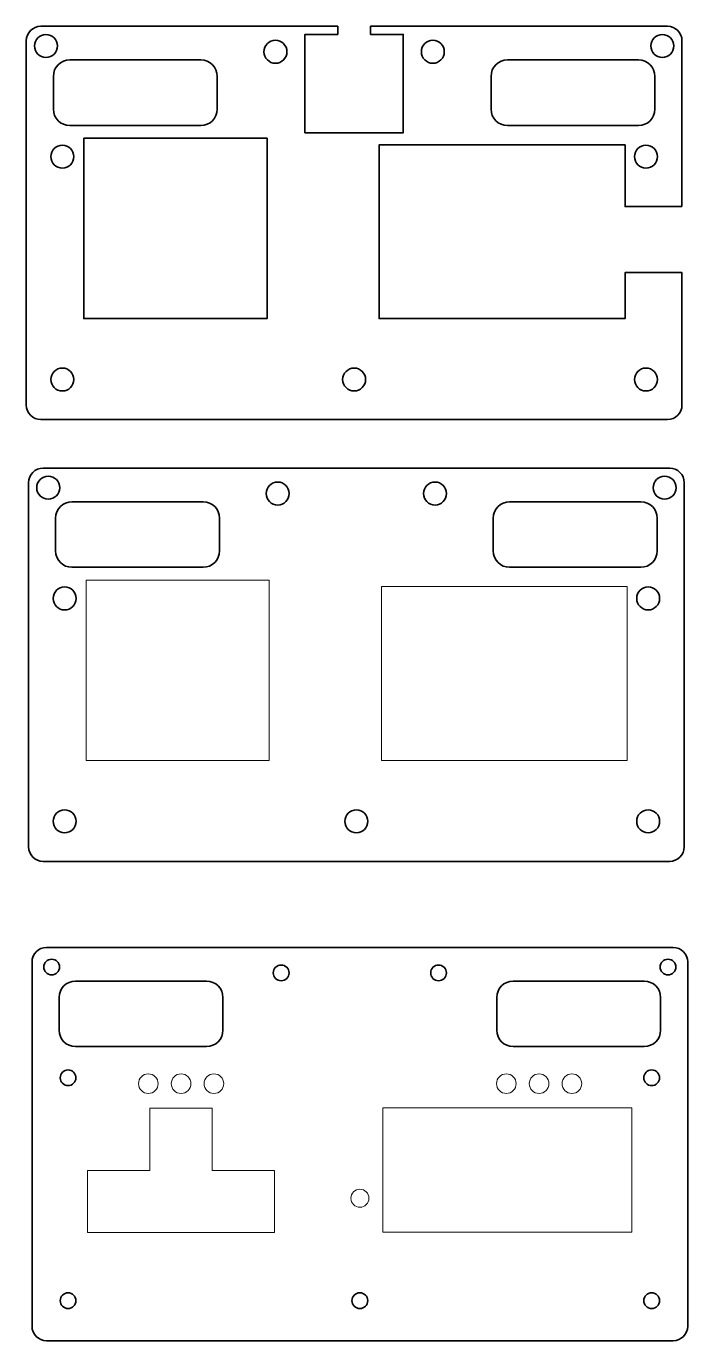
# Model space of a CAD drawing. Header units: millimetres. Extents: x 255 to 531, y -671 to 202.
# Drawn here: x 292.2 to 494, y -671.4 to -270.3 of the extents above; entities that cross this region are included whole.
import ezdxf

# ---------------------------------------------------------------- set-up
doc = ezdxf.new("R2010")
doc.units = ezdxf.units.MM
doc.header["$MEASUREMENT"] = 0
doc.layers.add('Layer 1', color=7, linetype='Continuous')

msp = doc.modelspace()

# ---------------------------------------------------------------- linework, layer by layer
at = {"layer": 'Layer 1', "color": 250, "lineweight": 18}
for points in [[(310.427, -494.3151), (366.327, -494.3151), (366.327, -439.3151), (310.427, -439.3151), (310.427, -494.3151)], [(400.5306, -494.3151), (475.5306, -494.3151), (475.5306, -441.3151), (400.5306, -441.3151), (400.5306, -494.3151)], [(400.9327, -638.3038), (476.9327, -638.3038), (476.9327, -600.3038), (400.9327, -600.3038), (400.9327, -638.3038)]]:
    msp.add_lwpolyline(points, close=True, dxfattribs=at)
at = {"layer": 'Layer 1', "color": 250, "lineweight": 35}
for points, knots in [([(492.215, -325.356), (492.215, -325.356), (492.215, -274.7941), (492.215, -274.7941), (492.215, -272.349), (490.2143, -270.348), (487.7688, -270.348), (487.7688, -270.348), (397.215, -270.348), (397.215, -270.348), (397.215, -270.348), (397.215, -272.848), (397.215, -272.848), (397.215, -272.848), (407.215, -272.848), (407.215, -272.848), (407.215, -272.848), (407.215, -302.848), (407.215, -302.848), (407.215, -302.848), (377.215, -302.848), (377.215, -302.848), (377.215, -302.848), (377.215, -272.848), (377.215, -272.848), (377.215, -272.848), (387.215, -272.848), (387.215, -272.848), (387.215, -272.848), (387.215, -270.348), (387.215, -270.348), (387.215, -270.348), (296.6612, -270.348), (296.6612, -270.348), (294.2157, -270.348), (292.215, -272.3487), (292.215, -274.7941), (292.215, -274.7941), (292.215, -385.9018), (292.215, -385.9018), (292.215, -388.3472), (294.2157, -390.348), (296.6612, -390.348), (296.6612, -390.348), (487.7688, -390.348), (487.7688, -390.348), (490.2141, -390.348), (492.215, -388.347), (492.215, -385.9018), (492.215, -385.9018), (492.215, -345.4734), (492.215, -345.4734), (492.215, -345.4734), (474.8416, -345.4734), (474.8416, -345.4734), (474.8416, -345.4734), (474.8416, -359.5254), (474.8416, -359.5254), (474.8416, -359.5254), (399.8416, -359.5254), (399.8416, -359.5254), (399.8416, -359.5254), (399.8416, -306.5254), (399.8416, -306.5254), (399.8416, -306.5254), (474.8416, -306.5254), (474.8416, -306.5254), (474.8416, -306.5254), (474.8416, -325.356), (474.8416, -325.356), (474.8416, -325.356), (492.215, -325.356), (492.215, -325.356)], [0, 0, 0, 0, 0.04166667, 0.04166667, 0.04166667, 0.08333333, 0.08333333, 0.08333333, 0.125, 0.125, 0.125, 0.16666667, 0.16666667, 0.16666667, 0.20833333, 0.20833333, 0.20833333, 0.25, 0.25, 0.25, 0.29166667, 0.29166667, 0.29166667, 0.33333333, 0.33333333, 0.33333333, 0.375, 0.375, 0.375, 0.41666667, 0.41666667, 0.41666667, 0.45833333, 0.45833333, 0.45833333, 0.5, 0.5, 0.5, 0.54166667, 0.54166667, 0.54166667, 0.58333333, 0.58333333, 0.58333333, 0.625, 0.625, 0.625, 0.66666667, 0.66666667, 0.66666667, 0.70833333, 0.70833333, 0.70833333, 0.75, 0.75, 0.75, 0.79166667, 0.79166667, 0.79166667, 0.83333333, 0.83333333, 0.83333333, 0.875, 0.875, 0.875, 0.91666667, 0.91666667, 0.91666667, 0.95833333, 0.95833333, 0.95833333, 1, 1, 1, 1]), ([(301.7189, -276.3432), (301.7189, -274.4102), (300.1519, -272.8432), (298.2189, -272.8432), (296.2859, -272.8432), (294.7189, -274.4102), (294.7189, -276.3432), (294.7189, -278.2762), (296.2859, -279.8432), (298.2189, -279.8432), (300.1519, -279.8432), (301.7189, -278.2762), (301.7189, -276.3432)], [0, 0, 0, 0, 0.25, 0.25, 0.25, 0.5, 0.5, 0.5, 0.75, 0.75, 0.75, 1, 1, 1, 1]), ([(371.715, -278.122), (371.715, -276.189), (370.148, -274.622), (368.215, -274.622), (366.282, -274.622), (364.715, -276.189), (364.715, -278.122), (364.715, -280.055), (366.282, -281.622), (368.215, -281.622), (370.148, -281.622), (371.715, -280.055), (371.715, -278.122)], [0, 0, 0, 0, 0.25, 0.25, 0.25, 0.5, 0.5, 0.5, 0.75, 0.75, 0.75, 1, 1, 1, 1]), ([(419.715, -278.122), (419.715, -276.189), (418.148, -274.622), (416.215, -274.622), (414.282, -274.622), (412.715, -276.189), (412.715, -278.122), (412.715, -280.055), (414.282, -281.622), (416.215, -281.622), (418.148, -281.622), (419.715, -280.055), (419.715, -278.122)], [0, 0, 0, 0, 0.25, 0.25, 0.25, 0.5, 0.5, 0.5, 0.75, 0.75, 0.75, 1, 1, 1, 1]), ([(489.7164, -276.3432), (489.7164, -274.4102), (488.1494, -272.8432), (486.2164, -272.8432), (484.2834, -272.8432), (482.7164, -274.4102), (482.7164, -276.3432), (482.7164, -278.2762), (484.2834, -279.8432), (486.2164, -279.8432), (488.1494, -279.8432), (489.7164, -278.2762), (489.7164, -276.3432)], [0, 0, 0, 0, 0.25, 0.25, 0.25, 0.5, 0.5, 0.5, 0.75, 0.75, 0.75, 1, 1, 1, 1]), ([(305.465, -280.6219), (305.465, -280.6219), (345.465, -280.6219), (345.465, -280.6219), (348.215, -280.6219), (350.465, -282.8719), (350.465, -285.6219), (350.465, -285.6219), (350.465, -295.6219), (350.465, -295.6219), (350.465, -298.3719), (348.215, -300.6219), (345.465, -300.6219), (345.465, -300.6219), (305.465, -300.6219), (305.465, -300.6219), (302.715, -300.6219), (300.465, -298.3719), (300.465, -295.6219), (300.465, -295.6219), (300.465, -285.6219), (300.465, -285.6219), (300.465, -282.8719), (302.715, -280.6219), (305.465, -280.6219)], [0, 0, 0, 0, 0.125, 0.125, 0.125, 0.25, 0.25, 0.25, 0.375, 0.375, 0.375, 0.5, 0.5, 0.5, 0.625, 0.625, 0.625, 0.75, 0.75, 0.75, 0.875, 0.875, 0.875, 1, 1, 1, 1]), ([(438.965, -280.6219), (438.965, -280.6219), (478.965, -280.6219), (478.965, -280.6219), (481.715, -280.6219), (483.965, -282.8719), (483.965, -285.6219), (483.965, -285.6219), (483.965, -295.6219), (483.965, -295.6219), (483.965, -298.3719), (481.715, -300.6219), (478.965, -300.6219), (478.965, -300.6219), (438.965, -300.6219), (438.965, -300.6219), (436.215, -300.6219), (433.965, -298.3719), (433.965, -295.6219), (433.965, -295.6219), (433.965, -285.6219), (433.965, -285.6219), (433.965, -282.8719), (436.215, -280.6219), (438.965, -280.6219)], [0, 0, 0, 0, 0.125, 0.125, 0.125, 0.25, 0.25, 0.25, 0.375, 0.375, 0.375, 0.5, 0.5, 0.5, 0.625, 0.625, 0.625, 0.75, 0.75, 0.75, 0.875, 0.875, 0.875, 1, 1, 1, 1]), ([(309.738, -304.5254), (309.738, -304.5254), (365.638, -304.5254), (365.638, -304.5254), (365.638, -304.5254), (365.638, -359.5254), (365.638, -359.5254), (365.638, -359.5254), (309.738, -359.5254), (309.738, -359.5254), (309.738, -359.5254), (309.738, -304.5254), (309.738, -304.5254)], [0, 0, 0, 0, 0.25, 0.25, 0.25, 0.5, 0.5, 0.5, 0.75, 0.75, 0.75, 1, 1, 1, 1]), ([(306.715, -310.1219), (306.715, -308.1889), (305.148, -306.6219), (303.215, -306.6219), (301.282, -306.6219), (299.715, -308.1889), (299.715, -310.1219), (299.715, -312.0549), (301.282, -313.6219), (303.215, -313.6219), (305.148, -313.6219), (306.715, -312.0549), (306.715, -310.1219)], [0, 0, 0, 0, 0.25, 0.25, 0.25, 0.5, 0.5, 0.5, 0.75, 0.75, 0.75, 1, 1, 1, 1]), ([(484.715, -310.1219), (484.715, -308.1889), (483.148, -306.6219), (481.215, -306.6219), (479.282, -306.6219), (477.715, -308.1889), (477.715, -310.1219), (477.715, -312.0549), (479.282, -313.6219), (481.215, -313.6219), (483.148, -313.6219), (484.715, -312.0549), (484.715, -310.1219)], [0, 0, 0, 0, 0.25, 0.25, 0.25, 0.5, 0.5, 0.5, 0.75, 0.75, 0.75, 1, 1, 1, 1]), ([(306.715, -378.1219), (306.715, -376.1889), (305.148, -374.6219), (303.215, -374.6219), (301.282, -374.6219), (299.715, -376.1889), (299.715, -378.1219), (299.715, -380.0549), (301.282, -381.6219), (303.215, -381.6219), (305.148, -381.6219), (306.715, -380.0549), (306.715, -378.1219)], [0, 0, 0, 0, 0.25, 0.25, 0.25, 0.5, 0.5, 0.5, 0.75, 0.75, 0.75, 1, 1, 1, 1]), ([(395.715, -378.1219), (395.715, -376.1889), (394.148, -374.6219), (392.215, -374.6219), (390.282, -374.6219), (388.715, -376.1889), (388.715, -378.1219), (388.715, -380.0549), (390.282, -381.6219), (392.215, -381.6219), (394.148, -381.6219), (395.715, -380.0549), (395.715, -378.1219)], [0, 0, 0, 0, 0.25, 0.25, 0.25, 0.5, 0.5, 0.5, 0.75, 0.75, 0.75, 1, 1, 1, 1]), ([(484.715, -378.1219), (484.715, -376.1889), (483.148, -374.6219), (481.215, -374.6219), (479.282, -374.6219), (477.715, -376.1889), (477.715, -378.1219), (477.715, -380.0549), (479.282, -381.6219), (481.215, -381.6219), (483.148, -381.6219), (484.715, -380.0549), (484.715, -378.1219)], [0, 0, 0, 0, 0.25, 0.25, 0.25, 0.5, 0.5, 0.5, 0.75, 0.75, 0.75, 1, 1, 1, 1]), ([(392.904, -405.1377), (392.904, -405.1377), (488.4578, -405.1377), (488.4578, -405.1377), (490.9033, -405.1377), (492.904, -407.1386), (492.904, -409.5838), (492.904, -409.5838), (492.904, -520.6915), (492.904, -520.6915), (492.904, -523.1369), (490.9033, -525.1377), (488.4578, -525.1377), (488.4578, -525.1377), (297.3502, -525.1377), (297.3502, -525.1377), (294.9047, -525.1377), (292.904, -523.1369), (292.904, -520.6915), (292.904, -520.6915), (292.904, -409.5838), (292.904, -409.5838), (292.904, -407.1384), (294.9047, -405.1377), (297.3502, -405.1377), (297.3502, -405.1377), (392.904, -405.1377), (392.904, -405.1377)], [0, 0, 0, 0, 0.11111111, 0.11111111, 0.11111111, 0.22222222, 0.22222222, 0.22222222, 0.33333333, 0.33333333, 0.33333333, 0.44444444, 0.44444444, 0.44444444, 0.55555556, 0.55555556, 0.55555556, 0.66666667, 0.66666667, 0.66666667, 0.77777778, 0.77777778, 0.77777778, 0.88888889, 0.88888889, 0.88888889, 1, 1, 1, 1]), ([(302.4079, -411.1329), (302.4079, -409.1999), (300.8409, -407.6329), (298.9079, -407.6329), (296.9749, -407.6329), (295.4079, -409.1999), (295.4079, -411.1329), (295.4079, -413.0659), (296.9749, -414.6329), (298.9079, -414.6329), (300.8409, -414.6329), (302.4079, -413.0659), (302.4079, -411.1329)], [0, 0, 0, 0, 0.25, 0.25, 0.25, 0.5, 0.5, 0.5, 0.75, 0.75, 0.75, 1, 1, 1, 1]), ([(490.4054, -411.1329), (490.4054, -409.1999), (488.8384, -407.6329), (486.9054, -407.6329), (484.9724, -407.6329), (483.4054, -409.1999), (483.4054, -411.1329), (483.4054, -413.0659), (484.9724, -414.6329), (486.9054, -414.6329), (488.8384, -414.6329), (490.4054, -413.0659), (490.4054, -411.1329)], [0, 0, 0, 0, 0.25, 0.25, 0.25, 0.5, 0.5, 0.5, 0.75, 0.75, 0.75, 1, 1, 1, 1]), ([(372.404, -412.9117), (372.404, -410.9787), (370.837, -409.4117), (368.904, -409.4117), (366.971, -409.4117), (365.404, -410.9787), (365.404, -412.9117), (365.404, -414.8447), (366.971, -416.4117), (368.904, -416.4117), (370.837, -416.4117), (372.404, -414.8447), (372.404, -412.9117)], [0, 0, 0, 0, 0.25, 0.25, 0.25, 0.5, 0.5, 0.5, 0.75, 0.75, 0.75, 1, 1, 1, 1]), ([(420.404, -412.9117), (420.404, -410.9787), (418.837, -409.4117), (416.904, -409.4117), (414.971, -409.4117), (413.404, -410.9787), (413.404, -412.9117), (413.404, -414.8447), (414.971, -416.4117), (416.904, -416.4117), (418.837, -416.4117), (420.404, -414.8447), (420.404, -412.9117)], [0, 0, 0, 0, 0.25, 0.25, 0.25, 0.5, 0.5, 0.5, 0.75, 0.75, 0.75, 1, 1, 1, 1]), ([(306.154, -415.4116), (306.154, -415.4116), (346.154, -415.4116), (346.154, -415.4116), (348.904, -415.4116), (351.154, -417.6616), (351.154, -420.4116), (351.154, -420.4116), (351.154, -430.4116), (351.154, -430.4116), (351.154, -433.1616), (348.904, -435.4116), (346.154, -435.4116), (346.154, -435.4116), (306.154, -435.4116), (306.154, -435.4116), (303.404, -435.4116), (301.154, -433.1616), (301.154, -430.4116), (301.154, -430.4116), (301.154, -420.4116), (301.154, -420.4116), (301.154, -417.6616), (303.404, -415.4116), (306.154, -415.4116)], [0, 0, 0, 0, 0.125, 0.125, 0.125, 0.25, 0.25, 0.25, 0.375, 0.375, 0.375, 0.5, 0.5, 0.5, 0.625, 0.625, 0.625, 0.75, 0.75, 0.75, 0.875, 0.875, 0.875, 1, 1, 1, 1]), ([(439.654, -415.4116), (439.654, -415.4116), (479.654, -415.4116), (479.654, -415.4116), (482.404, -415.4116), (484.654, -417.6616), (484.654, -420.4116), (484.654, -420.4116), (484.654, -430.4116), (484.654, -430.4116), (484.654, -433.1616), (482.404, -435.4116), (479.654, -435.4116), (479.654, -435.4116), (439.654, -435.4116), (439.654, -435.4116), (436.904, -435.4116), (434.654, -433.1616), (434.654, -430.4116), (434.654, -430.4116), (434.654, -420.4116), (434.654, -420.4116), (434.654, -417.6616), (436.904, -415.4116), (439.654, -415.4116)], [0, 0, 0, 0, 0.125, 0.125, 0.125, 0.25, 0.25, 0.25, 0.375, 0.375, 0.375, 0.5, 0.5, 0.5, 0.625, 0.625, 0.625, 0.75, 0.75, 0.75, 0.875, 0.875, 0.875, 1, 1, 1, 1]), ([(307.404, -444.9116), (307.404, -442.9786), (305.837, -441.4116), (303.904, -441.4116), (301.971, -441.4116), (300.404, -442.9786), (300.404, -444.9116), (300.404, -446.8446), (301.971, -448.4116), (303.904, -448.4116), (305.837, -448.4116), (307.404, -446.8446), (307.404, -444.9116)], [0, 0, 0, 0, 0.25, 0.25, 0.25, 0.5, 0.5, 0.5, 0.75, 0.75, 0.75, 1, 1, 1, 1]), ([(485.404, -444.9116), (485.404, -442.9786), (483.837, -441.4116), (481.904, -441.4116), (479.971, -441.4116), (478.404, -442.9786), (478.404, -444.9116), (478.404, -446.8446), (479.971, -448.4116), (481.904, -448.4116), (483.837, -448.4116), (485.404, -446.8446), (485.404, -444.9116)], [0, 0, 0, 0, 0.25, 0.25, 0.25, 0.5, 0.5, 0.5, 0.75, 0.75, 0.75, 1, 1, 1, 1]), ([(307.404, -512.9116), (307.404, -510.9786), (305.837, -509.4116), (303.904, -509.4116), (301.971, -509.4116), (300.404, -510.9786), (300.404, -512.9116), (300.404, -514.8446), (301.971, -516.4116), (303.904, -516.4116), (305.837, -516.4116), (307.404, -514.8446), (307.404, -512.9116)], [0, 0, 0, 0, 0.25, 0.25, 0.25, 0.5, 0.5, 0.5, 0.75, 0.75, 0.75, 1, 1, 1, 1]), ([(396.404, -512.9116), (396.404, -510.9786), (394.837, -509.4116), (392.904, -509.4116), (390.971, -509.4116), (389.404, -510.9786), (389.404, -512.9116), (389.404, -514.8446), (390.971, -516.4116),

Assignment:
In the entries above, some lines hold the string "units". Copy each of them.

Solution below:
# Model space of a CAD drawing. Header units: millimetres. Extents: x 255 to 531, y -671 to 202.
doc.units = ezdxf.units.MM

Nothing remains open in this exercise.